Blog da Companhia das Letras
03 de abril de 2012
por Vanessa Barbara
“E se amanhã eu acordar e não for mais eu mesmo,
mas um besouro vira-bosta?” (Andrew Solomon)
Muitas vezes, ler sobre desequilíbrios, insânias e extravagâncias pode ser uma grande fonte de alívio para quem, como eu, tem medo de um dia acordar besouro. É terapêutico saber que há casos piores que o nosso, como o de Oliver Sanderson, que há mais de trinta anos pensa que é uma laranja, ou Phineas P. Gage, um operário de ferrovias que, após uma explosão, teve o crânio trespassado por uma barra de ferro de 6 kg. O comprido artefato entrou pela bochecha esquerda do rapaz, projetou seu globo ocular para fora, perfurou o lobo frontal e saiu pelo topo da cabeça.

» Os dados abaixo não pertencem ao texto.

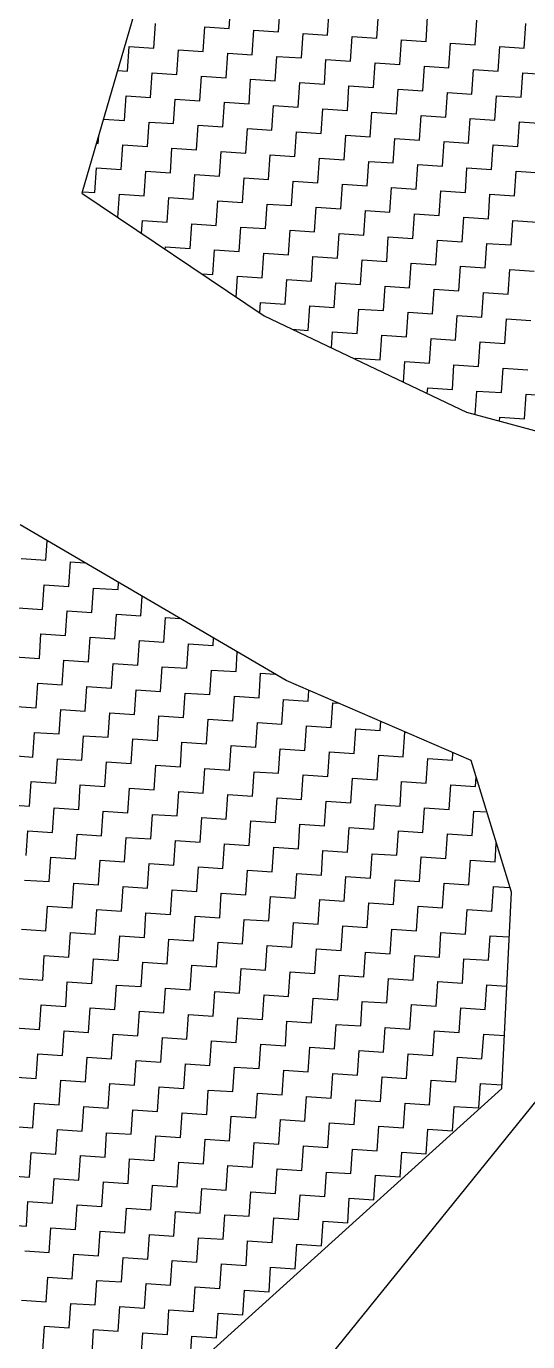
# Model space of a CAD drawing. Header units: metres. Extents: x 286068 to 287358, y 2005630 to 2007098.
# Drawn here: x 286794.9 to 286861, y 2005855.4 to 2006028.7 of the extents above; entities that cross this region are included whole.
import ezdxf

# ---------------------------------------------------------------- set-up
doc = ezdxf.new("R2010")
doc.units = ezdxf.units.M
doc.layers.add('POLY_HATCH', color=12, linetype='Continuous')
doc.layers.add('V_BOUND_LINE', color=7, linetype='Continuous')

msp = doc.modelspace()

# ---------------------------------------------------------------- linework, layer by layer
at = {"layer": 'POLY_HATCH'}
for p, q in [((286812.69, 2006042.78), (286802.2, 2006006.67)), ((286802.2, 2006006.67), (286826.22, 2005990.52)), ((286826.22, 2005990.52), (286852.89, 2005977.83)), ((286852.89, 2005977.83), (286866.81, 2005974.07)), ((286829.1, 2005942.47), (286794.04, 2005962.99)), ((286853.49, 2005931.95), (286829.1, 2005942.47)), ((286858.81, 2005914.61), (286853.49, 2005931.95)), ((286857.56, 2005888.74), (286858.81, 2005914.61)), ((286815.21, 2005850.51), (286857.56, 2005888.74))]:
    msp.add_line(p, q, dxfattribs=at)
at = {"layer": 'POLY_HATCH', "linetype": 'Continuous'}
for p, q in [((286821.62, 2006028.37), (286821.84, 2006031.62)), ((286828.11, 2006027.94), (286828.32, 2006031.19)), ((286834.59, 2006027.51), (286834.8, 2006030.75)), ((286841.07, 2006027.08), (286841.29, 2006030.32)), ((286811.68, 2006025.78), (286811.9, 2006029.02)), ((286818.16, 2006025.35), (286818.38, 2006028.59)), ((286818.38, 2006028.59), (286821.62, 2006028.37)), ((286847.56, 2006026.65), (286847.77, 2006029.89)), ((286854.04, 2006026.22), (286854.26, 2006029.46)), ((286860.52, 2006025.79), (286860.74, 2006029.03)), ((286824.65, 2006024.92), (286824.86, 2006028.16)), ((286824.86, 2006028.16), (286828.11, 2006027.94)), ((286831.13, 2006024.49), (286831.35, 2006027.73)), ((286831.35, 2006027.73), (286834.59, 2006027.51)), ((286837.62, 2006024.06), (286837.83, 2006027.3)), ((286837.83, 2006027.3), (286841.07, 2006027.08)), ((286844.1, 2006023.63), (286844.31, 2006026.87)), ((286844.31, 2006026.87), (286847.56, 2006026.65)), ((286808.22, 2006022.75), (286808.44, 2006025.99)), ((286808.44, 2006025.99), (286811.68, 2006025.78)), ((286814.71, 2006022.32), (286814.92, 2006025.56)), ((286814.92, 2006025.56), (286818.16, 2006025.35)), ((286821.19, 2006021.89), (286821.41, 2006025.13)), ((286821.41, 2006025.13), (286824.65, 2006024.92)), ((286850.58, 2006023.2), (286850.8, 2006026.44)), ((286850.8, 2006026.44), (286854.04, 2006026.22)), ((286857.07, 2006022.76), (286857.28, 2006026.01)), ((286857.28, 2006026.01), (286860.52, 2006025.79)), ((286827.68, 2006021.46), (286827.89, 2006024.7)), ((286827.89, 2006024.7), (286831.13, 2006024.49)), ((286834.16, 2006021.03), (286834.37, 2006024.27)), ((286834.37, 2006024.27), (286837.62, 2006024.06)), ((286840.64, 2006020.6), (286840.86, 2006023.84)), ((286840.86, 2006023.84), (286844.1, 2006023.63)), ((286847.13, 2006020.17), (286847.34, 2006023.41)), ((286847.34, 2006023.41), (286850.58, 2006023.2)), ((286806.9, 2006022.84), (286808.22, 2006022.75)), ((286811.25, 2006019.29), (286811.47, 2006022.54)), ((286811.47, 2006022.54), (286814.71, 2006022.32)), ((286817.73, 2006018.86), (286817.95, 2006022.11)), ((286817.95, 2006022.11), (286821.19, 2006021.89)), ((286824.22, 2006018.43), (286824.43, 2006021.68)), ((286824.43, 2006021.68), (286827.68, 2006021.46)), ((286853.61, 2006019.74), (286853.82, 2006022.98)), ((286853.82, 2006022.98), (286857.07, 2006022.76)), ((286860.09, 2006019.31), (286860.31, 2006022.55)), ((286860.31, 2006022.55), (286863.55, 2006022.33)), ((286830.7, 2006018), (286830.92, 2006021.24)), ((286830.92, 2006021.24), (286834.16, 2006021.03)), ((286837.19, 2006017.57), (286837.4, 2006020.81)), ((286837.4, 2006020.81), (286840.64, 2006020.6)), ((286843.67, 2006017.14), (286843.88, 2006020.38)), ((286843.88, 2006020.38), (286847.13, 2006020.17)), ((286850.15, 2006016.71), (286850.37, 2006019.95)), ((286850.37, 2006019.95), (286853.61, 2006019.74)), ((286807.79, 2006016.27), (286808.01, 2006019.51)), ((286808.01, 2006019.51), (286811.25, 2006019.29)), ((286814.28, 2006015.84), (286814.49, 2006019.08)), ((286814.49, 2006019.08), (286817.73, 2006018.86)), ((286820.76, 2006015.41), (286820.98, 2006018.65)), ((286820.98, 2006018.65), (286824.22, 2006018.43)), ((286827.24, 2006014.98), (286827.46, 2006018.22)), ((286827.46, 2006018.22), (286830.7, 2006018)), ((286856.64, 2006016.28), (286856.85, 2006019.52)), ((286856.85, 2006019.52), (286860.09, 2006019.31)), ((286805.04, 2006016.45), (286807.79, 2006016.27)), ((286833.73, 2006014.55), (286833.94, 2006017.79)), ((286833.94, 2006017.79), (286837.19, 2006017.57)), ((286840.21, 2006014.12), (286840.43, 2006017.36)), ((286840.43, 2006017.36), (286843.67, 2006017.14)), ((286846.7, 2006013.68), (286846.91, 2006016.93)), ((286846.91, 2006016.93), (286850.15, 2006016.71)), ((286853.18, 2006013.25), (286853.39, 2006016.5)), ((286853.39, 2006016.5), (286856.64, 2006016.28)), ((286810.82, 2006012.81), (286811.04, 2006016.05)), ((286811.04, 2006016.05), (286814.28, 2006015.84)), ((286817.3, 2006012.38), (286817.52, 2006015.62)), ((286817.52, 2006015.62), (286820.76, 2006015.41)), ((286823.79, 2006011.95), (286824, 2006015.19)), ((286824, 2006015.19), (286827.24, 2006014.98)), ((286830.27, 2006011.52), (286830.49, 2006014.76)), ((286830.49, 2006014.76), (286833.73, 2006014.55)), ((286859.66, 2006012.82), (286859.88, 2006016.07)), ((286859.88, 2006016.07), (286863.12, 2006015.85)), ((286804.11, 2006013.26), (286804.34, 2006013.24)), ((286804.34, 2006013.24), (286804.4, 2006014.25)), ((286807.36, 2006009.78), (286807.58, 2006013.03)), ((286807.58, 2006013.03), (286810.82, 2006012.81)), ((286836.75, 2006011.09), (286836.97, 2006014.33)), ((286836.97, 2006014.33), (286840.21, 2006014.12)), ((286843.24, 2006010.66), (286843.45, 2006013.9)), ((286843.45, 2006013.9), (286846.7, 2006013.68)), ((286849.72, 2006010.23), (286849.94, 2006013.47)), ((286849.94, 2006013.47), (286853.18, 2006013.25)), ((286856.21, 2006009.8), (286856.42, 2006013.04)), ((286856.42, 2006013.04), (286859.66, 2006012.82)), ((286813.85, 2006009.35), (286814.06, 2006012.6)), ((286814.06, 2006012.6), (286817.3, 2006012.38)), ((286820.33, 2006008.92), (286820.55, 2006012.16)), ((286820.55, 2006012.16), (286823.79, 2006011.95)), ((286826.81, 2006008.49), (286827.03, 2006011.73)), ((286827.03, 2006011.73), (286830.27, 2006011.52)), ((286833.3, 2006008.06), (286833.51, 2006011.3)), ((286833.51, 2006011.3), (286836.75, 2006011.09)), ((286803.91, 2006006.76), (286804.12, 2006010)), ((286804.12, 2006010), (286807.36, 2006009.78)), ((286810.39, 2006006.33), (286810.61, 2006009.57)), ((286810.61, 2006009.57), (286813.85, 2006009.35)), ((286839.78, 2006007.63), (286840, 2006010.87)), ((286840, 2006010.87), (286843.24, 2006010.66)), ((286846.27, 2006007.2), (286846.48, 2006010.44)), ((286846.48, 2006010.44), (286849.72, 2006010.23)), ((286852.75, 2006006.77), (286852.96, 2006010.01)), ((286852.96, 2006010.01), (286856.21, 2006009.8)), ((286859.23, 2006006.34), (286859.45, 2006009.58)), ((286859.45, 2006009.58), (286862.69, 2006009.37)), ((286816.87, 2006005.9), (286817.09, 2006009.14)), ((286817.09, 2006009.14), (286820.33, 2006008.92)), ((286823.36, 2006005.47), (286823.57, 2006008.71)), ((286823.57, 2006008.71), (286826.81, 2006008.49)), ((286829.84, 2006005.04), (286830.06, 2006008.28)), ((286830.06, 2006008.28), (286833.3, 2006008.06)), ((286836.32, 2006004.61), (286836.54, 2006007.85)), ((286836.54, 2006007.85), (286839.78, 2006007.63)), ((286802.26, 2006006.87), (286803.91, 2006006.76)), ((286806.94, 2006003.48), (286807.15, 2006006.54)), ((286807.15, 2006006.54), (286810.39, 2006006.33)), ((286813.42, 2006002.87), (286813.63, 2006006.11)), ((286813.63, 2006006.11), (286816.87, 2006005.9)), ((286842.81, 2006004.17), (286843.02, 2006007.42)), ((286843.02, 2006007.42), (286846.27, 2006007.2)), ((286849.29, 2006003.74), (286849.51, 2006006.99)), ((286849.51, 2006006.99), (286852.75, 2006006.77)), ((286855.78, 2006003.31), (286855.99, 2006006.56)), ((286855.99, 2006006.56), (286859.23, 2006006.34)), ((286819.9, 2006002.44), (286820.12, 2006005.68)), ((286820.12, 2006005.68), (286823.36, 2006005.47)), ((286826.38, 2006002.01), (286826.6, 2006005.25)), ((286826.6, 2006005.25), (286829.84, 2006005.04)), ((286832.87, 2006001.58), (286833.08, 2006004.82)), ((286833.08, 2006004.82), (286836.32, 2006004.61)), ((286839.35, 2006001.15), (286839.57, 2006004.39)), ((286839.57, 2006004.39), (286842.81, 2006004.17)), ((286810.06, 2006001.38), (286810.17, 2006003.08)), ((286810.17, 2006003.08), (286813.42, 2006002.87)), ((286816.44, 2005999.41), (286816.66, 2006002.65)), ((286816.66, 2006002.65), (286819.9, 2006002.44)), ((286845.83, 2006000.72), (286846.05, 2006003.96)), ((286846.05, 2006003.96), (286849.29, 2006003.74)), ((286852.32, 2006000.29), (286852.53, 2006003.53)), ((286852.53, 2006003.53), (286855.78, 2006003.31)), ((286858.8, 2005999.86), (286859.02, 2006003.1)), ((286859.02, 2006003.1), (286862.26, 2006002.88)), ((286822.93, 2005998.98), (286823.14, 2006002.22)), ((286823.14, 2006002.22), (286826.38, 2006002.01)), ((286829.41, 2005998.55), (286829.63, 2006001.79)), ((286829.63, 2006001.79), (286832.87, 2006001.58)), ((286835.89, 2005998.12), (286836.11, 2006001.36)), ((286836.11, 2006001.36), (286839.35, 2006001.15)), ((286842.38, 2005997.69), (286842.59, 2006000.93)), ((286842.59, 2006000.93), (286845.83, 2006000.72)), ((286813.18, 2005999.29), (286813.2, 2005999.63)), ((286813.2, 2005999.63), (286816.44, 2005999.41)), ((286819.47, 2005995.96), (286819.69, 2005999.2)), ((286819.69, 2005999.2), (286822.93, 2005998.98)), ((286848.86, 2005997.26), (286849.08, 2006000.5)), ((286849.08, 2006000.5), (286852.32, 2006000.29)), ((286855.35, 2005996.83), (286855.56, 2006000.07)), ((286855.56, 2006000.07), (286858.8, 2005999.86)), ((286825.95, 2005995.53), (286826.17, 2005998.77)), ((286826.17, 2005998.77), (286829.41, 2005998.55)), ((286832.44, 2005995.09), (286832.65, 2005998.34)), ((286832.65, 2005998.34), (286835.89, 2005998.12)), ((286838.92, 2005994.66), (286839.14, 2005997.91)), ((286839.14, 2005997.91), (286842.38, 2005997.69)), ((286845.4, 2005994.23), (286845.62, 2005997.48)), ((286845.62, 2005997.48), (286848.86, 2005997.26)), ((286817.99, 2005996.05), (286819.47, 2005995.96)), ((286822.53, 2005993), (286822.71, 2005995.74)), ((286822.71, 2005995.74), (286825.95, 2005995.53)), ((286851.89, 2005993.8), (286852.1, 2005997.05)), ((286852.1, 2005997.05), (286855.35, 2005996.83)), ((286858.37, 2005993.37), (286858.59, 2005996.61)), ((286858.59, 2005996.61), (286861.83, 2005996.4)), ((286828.98, 2005992.07), (286829.2, 2005995.31)), ((286829.2, 2005995.31), (286832.44, 2005995.09)), ((286835.46, 2005991.64), (286835.68, 2005994.88)), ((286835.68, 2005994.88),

Ao dar entrada no hospital, caminhando, ele comentou ao médico: “Doutor, isso aqui vai dar um trabalhão”.
Além de catártica, esse tipo de leitura pode estabelecer uma conexão com outros mundos (autismo, esquizofrenia, depressão), do qual podemos sair a qualquer momento simplesmente desligando o abajur.
A seguir, uma lista das minhas leituras psiquiátricas preferidas (elaborada após o pedido de um Top 5 para o blog Meia Palavra). Lacunas imperdoáveis podem ser atribuídas a um lapso de memória e não devem ser consideradas sintomas. Para a infelicidade dos que sofrem de TOC, a lista não segue nenhuma ordem.
1) O demônio do meio-dia, de Andrew Solomon, ed. Objetiva. Melhor estudo sobre depressão já publicado. Com um estilo literário apurado, o jornalista expõe seu vínculo pessoal com a doença e faz uma investigação de sua incidência, manifestação, sintomas e tratamentos. É um mundo cinzento onde chove o tempo todo e até as estruturas mais fortes podem ser tomadas pela ferrugem. “Viver com depressão é como tentar manter o equilíbrio enquanto dança com um bode”, define.
O repórter da revista The New Yorker explica que a depressão começa do insípido, enevoa os dias num tom sépia e enfraquece ações ordinárias até que suas formas claras sejam obscurecidas pelo esforço que exigem, nos deixando cansados, entediados e obcecados em nós mesmos. Há uma bela passagem sobre a dificuldade que ele tem para se levantar da cama e ir tomar banho, antecipando cada passo e por fim desistindo da tarefa: “No mundo inteiro as pessoas tomam banho. Por que eu não podia ser uma delas?”.
Seu relato oscila magistralmente entre o registro jornalístico e o pessoal. A pesquisa durou cinco anos e é bem precisa em suas metáforas e definições: na depressão, o ar parece espesso e resistente, como que cheio de massa de pão. Tudo o que foi rápido é agora lento. A depressão, enfim, é a ausência de sentido vital de propósito e o embotamento de sensações — felicidade, tristeza, senso de humor e capacidade de amar.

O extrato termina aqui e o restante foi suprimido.